Elasmobranch Carbonic Anhydrase: PURIFICATION AND PROPERTIES OF THE ENZYME FROM TWO SPECIES OF SHARK

Abstract

Homogeneous carbonic anhydrase has been prepared from erythrocytes of the bull and tiger shark. Molecular and equivalence weight determinations indicate molecular weights in the range of 36,000 to 40,000 depending on the method employed. Amino acid compositions are similar to those reported for mammalian carbonic anhydrases with several notable exceptions. The bull and tiger shark enzymes contain ∼25 and 18 half-cystine residues per molecule, respectively. These residues are apparently present as disulfide cross-links, since neither the native nor denatured molecules react with sulfhydryl reagents, but do react after reduction with mercaptoethanol. There are high contents of glutamic and aspartic acid compatible with the very acidic nature of these proteins. The isoelectric point of the bull shark enzyme is ∼pH 4.5. The shark enzymes catalyze both the hydration of CO2 and the hydrolysis of certain aromatic esters.
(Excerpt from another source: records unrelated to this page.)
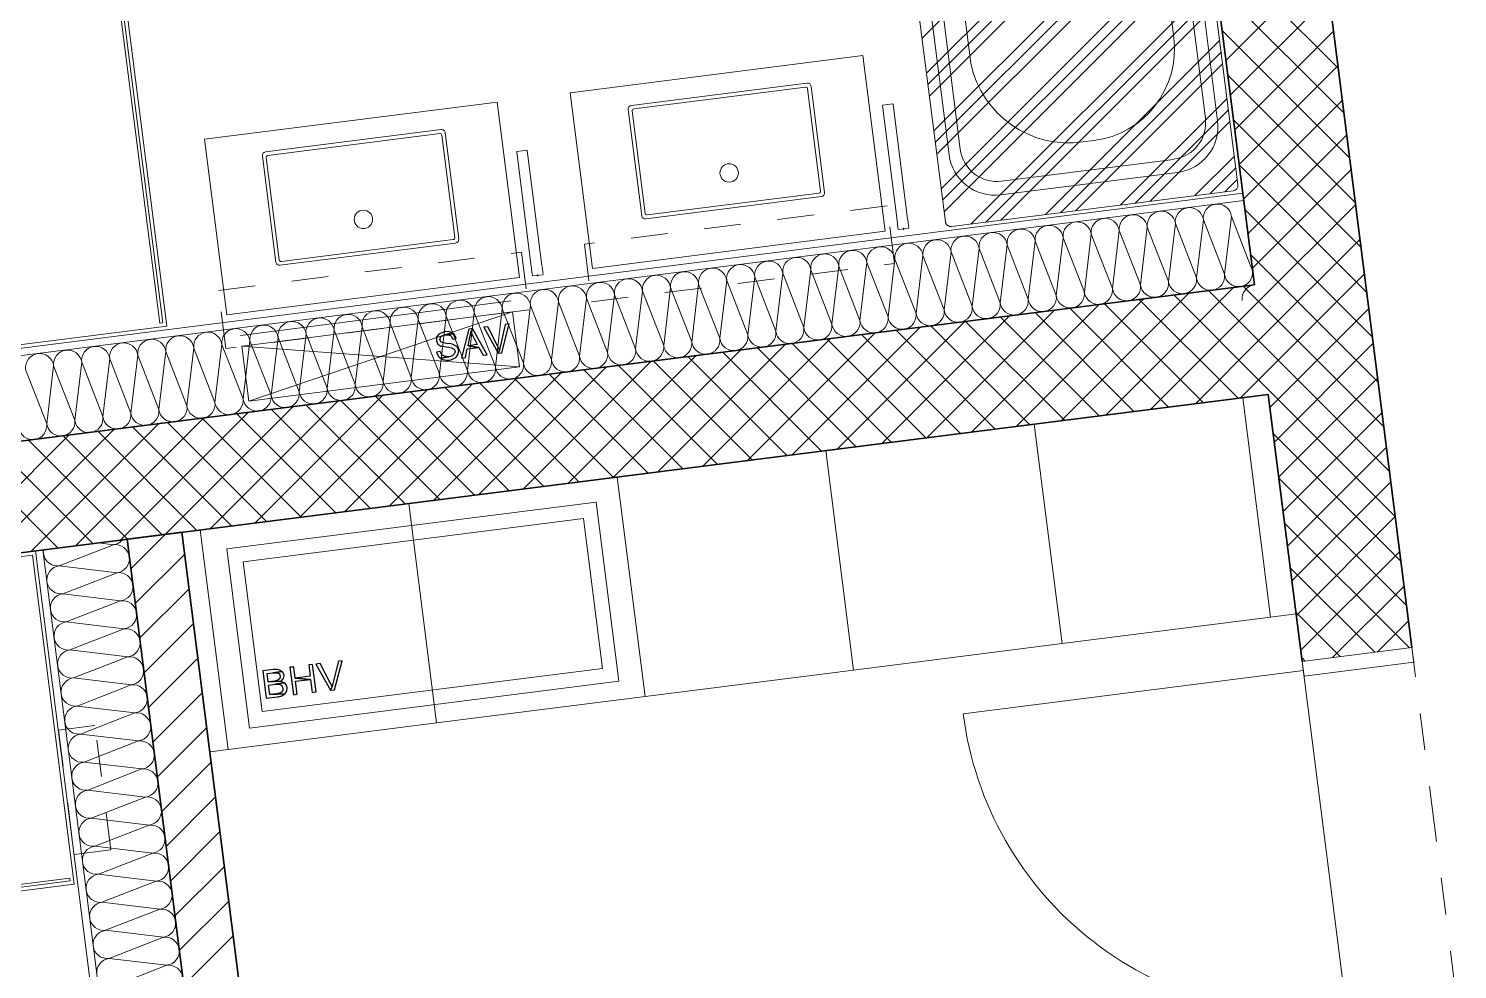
# Model space of a CAD drawing. Header units: metres. Extents: x 2713679.5 to 2713747.3, y 1226017.1 to 1226104.2.
# Drawn here: x 2713731.065 to 2713734.94, y 1226041.399 to 1226043.951 of the extents above; entities that cross this region are included whole.
import ezdxf

# ---------------------------------------------------------------- set-up
doc = ezdxf.new("R2010")
doc.units = ezdxf.units.M
doc.header["$MEASUREMENT"] = 0
doc.linetypes.add('Strich 2', pattern=[0.141111, 0.070556, -0.070556])
doc.linetypes.add('Strichpunkt 3_1_1mm Achsen', pattern=[0.25, 0.15, -0.05, 0, -0.05])
doc.layers.add('haustechnik', color=7, linetype='Continuous', true_color=0x0332dd)
doc.layers.add('texte', color=7, linetype='Continuous', true_color=0x000000)
doc.layers.add('plangrafiken', color=251, linetype='Continuous')
doc.layers.add('waende_stuetzen', color=250, linetype='Continuous')

msp = doc.modelspace()

# ---------------------------------------------------------------- linework, layer by layer
at = {"layer": 'haustechnik', "color": 152, "linetype": 'Continuous', "lineweight": 13, "true_color": 0x0365dd}
for p, q in [((2713731.6399, 1226043.1192), (2713732.374, 1226043.2124)), ((2713731.6437, 1226043.0895), (2713732.3778, 1226043.1826)), ((2713732.3778, 1226043.1826), (2713731.6625, 1226042.9407)), ((2713732.3778, 1226043.1826), (2713732.3966, 1226043.0338)), ((2713731.6437, 1226043.0895), (2713732.3966, 1226043.0338)), ((2713731.6625, 1226042.9407), (2713731.6437, 1226043.0895)), ((2713732.3966, 1226043.0338), (2713731.6625, 1226042.9407))]:
    msp.add_line(p, q, dxfattribs=at)
at = {"layer": 'haustechnik', "color": 1, "linetype": 'Continuous', "lineweight": 13}
for p, q in [((2713732.6045, 1226042.6671), (2713731.6025, 1226042.5399)), ((2713732.6662, 1226042.181), (2713732.6045, 1226042.6671)), ((2713732.5698, 1226042.6224), (2713731.6472, 1226042.5053)), ((2713732.6214, 1226042.2156), (2713732.5698, 1226042.6224)), ((2713731.6025, 1226042.5399), (2713731.6642, 1226042.0538)), ((2713731.6472, 1226042.5053), (2713731.6988, 1226042.0985)), ((2713731.6988, 1226042.0985), (2713732.6214, 1226042.2156)), ((2713731.6642, 1226042.0538), (2713732.6662, 1226042.181))]:
    msp.add_line(p, q, dxfattribs=at)
at = {"layer": 'plangrafiken', "color": 7, "linetype": 'Continuous', "lineweight": 13}
for p, q in [((2713734.1221, 1226045.284), (2713734.3449, 1226043.528)), ((2713733.5513, 1226043.4273), (2713733.3285, 1226045.1826)), ((2713734.1116, 1226045.1044), (2713734.2897, 1226043.701)), ((2713734.2565, 1226043.7083), (2713734.0815, 1226045.0873)), ((2713733.5616, 1226043.6086), (2713733.3835, 1226045.012)), ((2713733.4169, 1226045.0029), (2713733.5919, 1226043.624)), ((2713731.4401, 1226043.1443), (2713731.2135, 1226044.93)), ((2713734.06, 1226044.7999), (2713734.1708, 1226043.9269)), ((2713733.6202, 1226043.857), (2713733.5095, 1226044.73)), ((2713731.309, 1226044.0349), (2713731.421, 1226043.1519)), ((2713731.429, 1226043.1529), (2713731.3169, 1226044.0359)), ((2713732.5342, 1226043.777), (2713733.3278, 1226043.8778)), ((2713733.3278, 1226043.8778), (2713733.3882, 1226043.4016)), ((2713732.6998, 1226043.7426), (2713733.176, 1226043.8031)), ((2713732.706, 1226043.7333), (2713733.1723, 1226043.7925)), ((2713733.1779, 1226043.7882), (2713733.2131, 1226043.5104)), ((2713733.1872, 1226043.7944), (2713733.2237, 1226043.5067)), ((2713731.5421, 1226043.6512), (2713732.3358, 1226043.7519)), ((2713732.3358, 1226043.7519), (2713732.3962, 1226043.2757)), ((2713732.5946, 1226043.3009), (2713732.5342, 1226043.777)), ((2713733.3807, 1226043.7434), (2713733.3816, 1226043.7435)), ((2713733.3816, 1226043.7435), (2713733.4085, 1226043.7469)), ((2713733.4085, 1226043.7469), (2713733.4094, 1226043.747)), ((2713733.4095, 1226043.7461), (2713733.4491, 1226043.4343)), ((2713732.7277, 1226043.4438), (2713732.6912, 1226043.7315)), ((2713732.737, 1226043.45), (2713732.7017, 1226043.7277)), ((2713733.4203, 1226043.4306), (2713733.3808, 1226043.7424)), ((2713731.7078, 1226043.6167), (2713732.184, 1226043.6772)), ((2713731.714, 1226043.6074), (2713732.1803, 1226043.6666)), ((2713732.1951, 1226043.6685), (2713732.2317, 1226043.3808)), ((2713731.6026, 1226043.175), (2713731.5421, 1226043.6512)), ((2713732.1859, 1226043.6623), (2713732.2211, 1226043.3845)), ((2713733.9543, 1226043.6474), (2713733.9245, 1226043.6436)), ((2713731.7356, 1226043.3179), (2713731.6991, 1226043.6056)), ((2713731.7449, 1226043.3241), (2713731.7097, 1226043.6019)), ((2713732.3886, 1226043.6175), (2713732.3895, 1226043.6176)), ((2713732.4283, 1226043.3047), (2713732.3887, 1226043.6165)), ((2713732.3895, 1226043.6176), (2713732.4164, 1226043.621)), ((2713732.4174, 1226043.6211), (2713732.4175, 1226043.6202)), ((2713732.4175, 1226043.6202), (2713732.4571, 1226043.3084)), ((2713733.7037, 1226043.5374), (2713734.1699, 1226043.5965)), ((2713734.1814, 1226043.5612), (2713733.7013, 1226043.5003)), ((2713734.3319, 1226043.5113), (2713733.5681, 1226043.4143)), ((2713733.215, 1226043.4955), (2713732.7389, 1226043.4351)), ((2713733.2088, 1226043.5048), (2713732.7426, 1226043.4456)), ((2713733.4491, 1226043.4343), (2713733.4491, 1226043.434)), ((2713733.4492, 1226043.4332), (2713733.4494, 1226043.4318)), ((2713733.3882, 1226043.4016), (2713732.5946, 1226043.3009)), ((2713733.4204, 1226043.4304), (2713733.4203, 1226043.4306)), ((2713733.4207, 1226043.4281), (2713733.4205, 1226043.4296)), ((2713733.4212, 1226043.4237), (2713733.4207, 1226043.4281)), ((2713733.4228, 1226043.4115), (2713733.4212, 1226043.4237)), ((2713733.4234, 1226043.4065), (2713733.4228, 1226043.4115)), ((2713733.4235, 1226043.4061), (2713733.4234, 1226043.4065)), ((2713733.4513, 1226043.4096), (2713733.4244, 1226043.4062)), ((2713733.4354, 1226043.4076), (2713733.4403, 1226043.4082)), ((2713733.4382, 1226043.4054), (2713733.4375, 1226043.4104)), ((2713733.4494, 1226043.4318), (2713733.4522, 1226043.4102)), ((2713733.4522, 1226043.4102), (2713733.4522, 1226043.4097)), ((2713732.223, 1226043.3696), (2713731.7468, 1226043.3092)), ((2713732.2168, 1226043.3789), (2713731.7505, 1226043.3197)), ((2713732.4283, 1226043.3045), (2713732.4283, 1226043.3047)), ((2713732.4286, 1226043.3022), (2713732.4284, 1226043.3037)), ((2713732.4292, 1226043.2978), (2713732.4286, 1226043.3022)), ((2713732.4307, 1226043.2856), (2713732.4292, 1226043.2978)), ((2713732.4314, 1226043.2806), (2713732.4307, 1226043.2856)), ((2713732.4314, 1226043.2802), (2713732.4314, 1226043.2806)), ((2713732.4592, 1226043.2837), (2713732.4324, 1226043.2803)), ((2713732.4433, 1226043.2817), (2713732.4483, 1226043.2823)), ((2713732.4461, 1226043.2795), (2713732.4455, 1226043.2845)), ((2713732.4571, 1226043.3084), (2713732.4571, 1226043.3081)), ((2713732.4572, 1226043.3073), (2713732.4574, 1226043.3059)), ((2713732.4574, 1226043.3059), (2713732.4601, 1226043.2843)), ((2713732.4601, 1226043.2843), (2713732.4602, 1226043.2838)), ((2713732.3962, 1226043.2757), (2713731.6026, 1226043.175)), ((2713730.5473, 1226043.031), (2713731.4401, 1226043.1443)), ((2713731.421, 1226043.1519), (2713731.429, 1226043.1529)), ((2713734.3578, 1226042.9501), (2713733.7923, 1226042.8783)), ((2713734.4272, 1226042.9589), (2713734.3578, 1226042.9501)), ((2713734.4333, 1226042.3548), (2713734.3578, 1226042.9501)), ((2713734.5028, 1226042.3636), (2713734.4272, 1226042.9589)), ((2713733.7923, 1226042.8783), (2713733.2269, 1226042.8065)), ((2713733.8679, 1226042.2831), (2713733.7923, 1226042.8783)), ((2713733.2269, 1226042.8065), (2713732.6614, 1226042.7348)), ((2713733.2269, 1226042.8065), (2713733.3024, 1226042.2113)), ((2713732.6614, 1226042.7348), (2713732.0959, 1226042.663)), ((2713732.7369, 1226042.1395), (2713732.6614, 1226042.7348)), ((2713732.0959, 1226042.663), (2713731.5305, 1226042.5913)), ((2713732.1715, 1226042.0678), (2713732.0959, 1226042.663)), ((2713731.5305, 1226042.5913), (2713731.4809, 1226042.585)), ((2713731.4809, 1226042.585), (2713731.5564, 1226041.9897)), ((2713731.5305, 1226042.5913), (2713731.606, 1226041.996)), ((2713729.2897, 1226042.2968), (2713731.0754, 1226042.5234)), ((2713731.0754, 1226042.5234), (2713731.1887, 1226041.6306)), ((2713733.8679, 1226042.2831), (2713734.4333, 1226042.3548)), ((2713734.4333, 1226042.3548), (2713734.5028, 1226042.3636)), ((2713733.3024, 1226042.2113), (2713733.8679, 1226042.2831)), ((2713732.7369, 1226042.1395), (2713733.3024, 1226042.2113)), ((2713732.1715, 1226042.0678), (2713732.7369, 1226042.1395)), ((2713731.606, 1226041.996), (2713732.1715, 1226042.0678)), ((2713731.5564, 1226041.9897), (2713731.606, 1226041.996)), ((2713731.1887, 1226041.6306), (2713729.403, 1226041.404)), ((2713731.1765, 1226041.6472), (2713730.2936, 1226041.5351)), ((2713730.2946, 1226041.5272), (2713731.1775, 1226041.6392)), ((2713731.1775, 1226041.6392), (2713731.1765, 1226041.6472))]:
    msp.add_line(p, q, dxfattribs=at)
at = {"layer": 'plangrafiken', "color": 255, "linetype": 'Continuous', "lineweight": 13}
for p, q in [((2713733.4882, 1226043.9248), (2713734.2038, 1226044.6404)), ((2713733.5001, 1226043.8307), (2713734.2157, 1226044.5463)), ((2713733.5041, 1226043.7993), (2713734.2197, 1226044.5149)), ((2713733.5081, 1226043.7679), (2713734.2237, 1226044.4835)), ((2713733.52, 1226043.6738), (2713734.2356, 1226044.3894)), ((2713733.524, 1226043.6424), (2713734.2396, 1226044.358)), ((2713733.528, 1226043.611), (2713734.2436, 1226044.3266)), ((2713733.5399, 1226043.5169), (2713734.2555, 1226044.2325)), ((2713733.5439, 1226043.4855), (2713734.2595, 1226044.2012)), ((2713733.5479, 1226043.4542), (2713734.2635, 1226044.1698)), ((2713733.6208, 1226043.421), (2713734.2754, 1226044.0757)), ((2713733.6613, 1226043.4262), (2713734.2794, 1226044.0443)), ((2713733.7018, 1226043.4313), (2713734.2834, 1226044.0129)), ((2713733.8233, 1226043.4467), (2713734.2953, 1226043.9188)), ((2713733.8638, 1226043.4519), (2713734.2993, 1226043.8874)), ((2713733.9043, 1226043.457), (2713734.3033, 1226043.856)), ((2713734.0257, 1226043.4724), (2713734.3152, 1226043.7619)), ((2713734.0662, 1226043.4775), (2713734.3192, 1226043.7305)), ((2713734.1067, 1226043.4827), (2713734.3232, 1226043.6992)), ((2713734.2282, 1226043.4981), (2713734.3352, 1226043.605)), ((2713734.2687, 1226043.5032), (2713734.3391, 1226043.5737)), ((2713734.3092, 1226043.5084), (2713734.3431, 1226043.5423))]:
    msp.add_line(p, q, dxfattribs=at)
at = {"layer": 'plangrafiken', "color": 7, "linetype": 'Strich 2', "lineweight": 13}
for p, q in [((2713733.3936, 1226043.4708), (2713732.5722, 1226043.3666)), ((2713733.4135, 1226043.3141), (2713733.3936, 1226043.4708)), ((2713732.5722, 1226043.3666), (2713732.592, 1226043.2098)), ((2713731.5801, 1226043.2407), (2713732.4015, 1226043.3449)), ((2713732.4015, 1226043.3449), (2713732.4214, 1226043.1882)), ((2713732.592, 1226043.2098), (2713733.4135, 1226043.3141)), ((2713731.6, 1226043.0839), (2713731.5801, 1226043.2407)), ((2713732.4214, 1226043.1882), (2713731.6, 1226043.0839)), ((2713731.2449, 1226042.0611), (2713731.1457, 1226042.0485)), ((2713731.1457, 1226042.0485), (2713731.1886, 1226041.7112)), ((2713731.2878, 1226041.7238), (2713731.2449, 1226042.0611)), ((2713731.1886, 1226041.7112), (2713731.2878, 1226041.7238))]:
    msp.add_line(p, q, dxfattribs=at)
at = {"layer": 'plangrafiken', "color": 7, "linetype": 'Continuous', "lineweight": 13}
for centre in [(2713732.965, 1226043.5596), (2713731.9729, 1226043.4337)]:
    msp.add_circle(centre, 0.025, dxfattribs=at)
for centre, radius, start, end in [((2713733.9228, 1226043.8954), 0.25, 277.2326, 7.2326), ((2713733.8868, 1226043.9134), 0.2724, 191.9458, 277.972), ((2713733.1729, 1226043.7876), 0.005, 7.2326, 97.2326), ((2713733.1773, 1226043.7931), 0.01, 7.2326, 97.2326), ((2713732.7011, 1226043.7327), 0.01, 97.2326, 187.2326), ((2713732.7067, 1226043.7284), 0.005, 97.2326, 187.2326), ((2713734.1573, 1226043.6958), 0.1, 277.2326, 7.2326), ((2713732.1809, 1226043.6617), 0.005, 7.2326, 97.2326), ((2713732.1852, 1226043.6672), 0.01, 7.2326, 97.2326), ((2713734.1657, 1226043.6852), 0.125, 277.2326, 7.2326), ((2713731.709, 1226043.6068), 0.01, 97.2326, 187.2326), ((2713731.7146, 1226043.6025), 0.005, 97.2326, 187.2326), ((2713733.6856, 1226043.6243), 0.125, 187.2326, 277.2326), ((2713733.6911, 1226043.6366), 0.1, 187.2326, 277.2326), ((2713734.3301, 1226043.5261), 0.015, 277.2326, 7.2326), ((2713733.2082, 1226043.5098), 0.005, 277.2326, 7.2326), ((2713733.2138, 1226043.5054), 0.01, 277.2326, 7.2326), ((2713732.7376, 1226043.445), 0.01, 187.2326, 277.2326), ((2713732.7419, 1226043.4506), 0.005, 187.2326, 277.2326), ((2713733.5662, 1226043.4292), 0.015, 187.2325, 277.2326), ((2713732.2161, 1226043.3839), 0.005, 277.2326, 7.2326), ((2713732.2217, 1226043.3796), 0.01, 277.2326, 7.2326), ((2713731.7456, 1226043.3191), 0.01, 187.2326, 277.2326), ((2713731.7499, 1226043.3247), 0.005, 187.2326, 277.2326)]:
    msp.add_arc(centre, radius, start, end, dxfattribs=at)
at = {"layer": 'texte'}
for points in [[(2713732.1942, 1226043.1288), (2713732.1898, 1226043.1281), (2713732.181, 1226043.1245), (2713732.1788, 1226043.123), (2713732.1722, 1226043.1164), (2713732.1715, 1226043.1142), (2713732.1708, 1226043.1055), (2713732.1708, 1226043.1047), (2713732.1744, 1226043.0967), (2713732.1752, 1226043.0952), (2713732.1832, 1226043.0901), (2713732.1876, 1226043.0894), (2713732.1978, 1226043.0879), (2713732.2037, 1226043.0872), (2713732.2117, 1226043.0857), (2713732.219, 1226043.0821), (2713732.2219, 1226043.0762), (2713732.2205, 1226043.0697), (2713732.2146, 1226043.0645), (2713732.2146, 1226043.0638), (2713732.2051, 1226043.0609), (2713732.181, 1226043.0572), (2713732.189, 1226043.0536), (2713732.1964, 1226043.0521), (2713732.2066, 1226043.0521), (2713732.2124, 1226043.0536), (2713732.2205, 1226043.0572), (2713732.2234, 1226043.0594), (2713732.2292, 1226043.0667), (2713732.23, 1226043.0689), (2713732.2314, 1226043.0784), (2713732.2307, 1226043.0799), (2713732.227, 1226043.0887), (2713732.2248, 1226043.0901), (2713732.2161, 1226043.0945), (2713732.211, 1226043.096), (2713732.1993, 1226043.0974), (2713732.1905, 1226043.0989), (2713732.1839, 1226043.1011), (2713732.1803, 1226043.1069), (2713732.1832, 1226043.1157), (2713732.1861, 1226043.1179), (2713732.1956, 1226043.1208), (2713732.2175, 1226043.1237), (2713732.2095, 1226043.1281), (2713732.2044, 1226043.1296)], [(2713732.2175, 1226043.1237), (2713732.1956, 1226043.1208), (2713732.2007, 1226043.1208), (2713732.2095, 1226043.1186), (2713732.211, 1226043.1172), (2713732.2153, 1226043.1084), (2713732.2248, 1226043.1106), (2713732.2241, 1226043.1135), (2713732.2197, 1226043.1215)], [(2713732.2687, 1226043.1376), (2713732.2585, 1226043.1362), (2713732.2395, 1226043.058), (2713732.2497, 1226043.0594), (2713732.2548, 1226043.0828), (2713732.2862, 1226043.0865), (2713732.257, 1226043.0908), (2713732.2621, 1226043.1142), (2713732.2636, 1226043.1193), (2713732.2643, 1226043.1288)], [(2713732.2687, 1226043.1376), (2713732.2643, 1226043.1288), (2713732.2672, 1226043.1237), (2713732.2716, 1226043.1142), (2713732.2818, 1226043.0945), (2713732.257, 1226043.0908), (2713732.2862, 1226043.0865), (2713732.2979, 1226043.0653), (2713732.3089, 1226043.0667)], [(2713732.3103, 1226043.1427), (2713732.2994, 1226043.1413), (2713732.3381, 1226043.0704), (2713732.3418, 1226043.0792), (2713732.341, 1226043.0821), (2713732.3366, 1226043.0908)], [(2713732.3681, 1226043.15), (2713732.3578, 1226043.1486), (2713732.3447, 1226043.0916), (2713732.344, 1226043.0887), (2713732.3418, 1226043.0792), (2713732.3381, 1226043.0704), (2713732.3483, 1226043.0718)], [(2713732.181, 1226043.0755), (2713732.1715, 1226043.0733), (2713732.173, 1226043.0689), (2713732.1774, 1226043.0609), (2713732.181, 1226043.0572), (2713732.2051, 1226043.0609), (2713732.2029, 1226043.0609), (2713732.1934, 1226043.0623), (2713732.1934, 1226043.0623), (2713732.1854, 1226043.0667), (2713732.1854, 1226043.0667)], [(2713731.9156, 1226042.2363), (2713731.9054, 1226042.2356), (2713731.8908, 1226042.1786), (2713731.89, 1226042.1749), (2713731.8886, 1226042.1654), (2713731.8842, 1226042.1567), (2713731.8944, 1226042.1581)], [(2713731.7293, 1226042.2129), (2713731.7001, 1226042.2093), (2713731.7095, 1226042.1347), (2713731.7395, 1226042.1384), (2713731.7424, 1226042.1391), (2713731.7519, 1226042.1413), (2713731.76, 1226042.1464), (2713731.719, 1226042.145), (2713731.7154, 1226042.1705), (2713731.7337, 1226042.1727), (2713731.7585, 1226042.1764), (2713731.749, 1226042.18), (2713731.7497, 1226042.1808), (2713731.7147, 1226042.1793), (2713731.7117, 1226042.202), (2713731.7271, 1226042.2034), (2713731.7527, 1226042.2078), (2713731.7439, 1226042.2122), (2713731.7402, 1226042.2129)], [(2713731.7527, 1226042.2078), (2713731.7271, 1226042.2034), (2713731.73, 1226042.2042), (2713731.7395, 1226042.2042), (2713731.7454, 1226042.2012), (2713731.7475, 1226042.1947), (2713731.7468, 1226042.1881), (2713731.741, 1226042.1837), (2713731.7315, 1226042.1815), (2713731.7147, 1226042.1793), (2713731.7497, 1226042.1808), (2713731.7563, 1226042.1881), (2713731.7563, 1226042.1881), (2713731.7578, 1226042.1969), (2713731.7578, 1226042.1983), (2713731.7534, 1226042.2064)], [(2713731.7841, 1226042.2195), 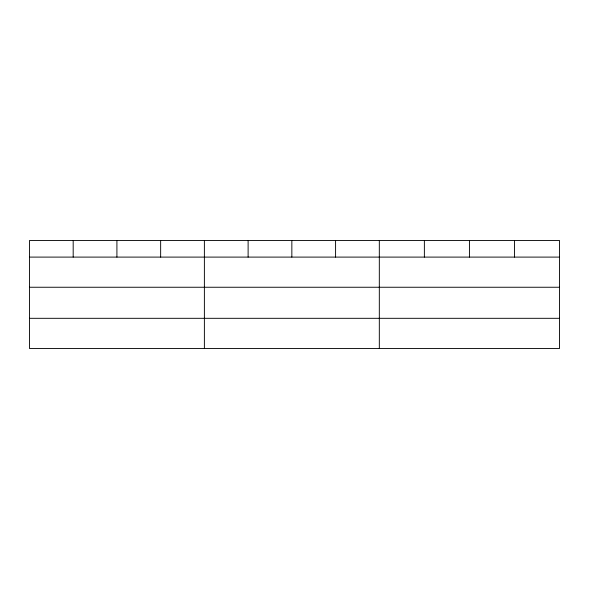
<?xml version="1.0" encoding="UTF-8"?>
<svg xmlns="http://www.w3.org/2000/svg" width="589" height="589" viewBox="0 0 589 589"><rect width="100%" height="100%" fill="white"/><g stroke="black" fill="none" stroke-linecap="round" stroke-linejoin="round"><path stroke-width="0.88" d="M559.55 287.248L559.55 240.54L29.45 240.54L29.45 348.46L559.55 348.46L559.55 287.248L29.45 287.248M29.45 257.099L559.55 257.099M29.45 318.31L559.55 318.31M514.491 240.54L514.491 257.099M469.433 240.54L469.433 257.099M424.374 240.54L424.374 257.099M379.316 240.54L379.316 348.46M335.583 240.54L335.583 257.099M291.849 240.54L291.849 257.099M248.116 240.54L248.116 257.099M204.383 240.54L204.383 348.46M160.65 240.54L160.65 257.099M116.916 240.54L116.916 257.099M73.183 240.54L73.183 257.099"/></g></svg>

Maximal catalytic rates are comparable to the high activity forms of mammalian carbonic anhydrases. Aromatic sulfonamides are powerful inhibitors. Circular dichroic spectra in the ultraviolet region indicate the presence of many structural features similar to those found in the mammalian enzymes. The shark enzymes contain 1 g atom of zinc per mole of enzyme. A stable metal-free, inactive apoenzyme can be prepared which is completely reactivated by Zn(II) or Co(II) ions. The Co(II) derivatives have intense visible absorption maxima at 510, 555, 618, and 645 nm. These spectra, as well as the spectra of sulfonamide complexes of the Co(II) enzymes, are almost identical with those of the Co(II) derivatives of mammalian carbonic anhydrases, and suggest that similar coordination geometries exist at the active centers of the elasmobranch and mammalian enzymes. Since fossil morphological evidence suggests that present day shark species have not evolved much since the Devonian period, this particular type of metal complex would appear to have been a constant feature of carbonic anhydrase over 400 million years of animal evolution.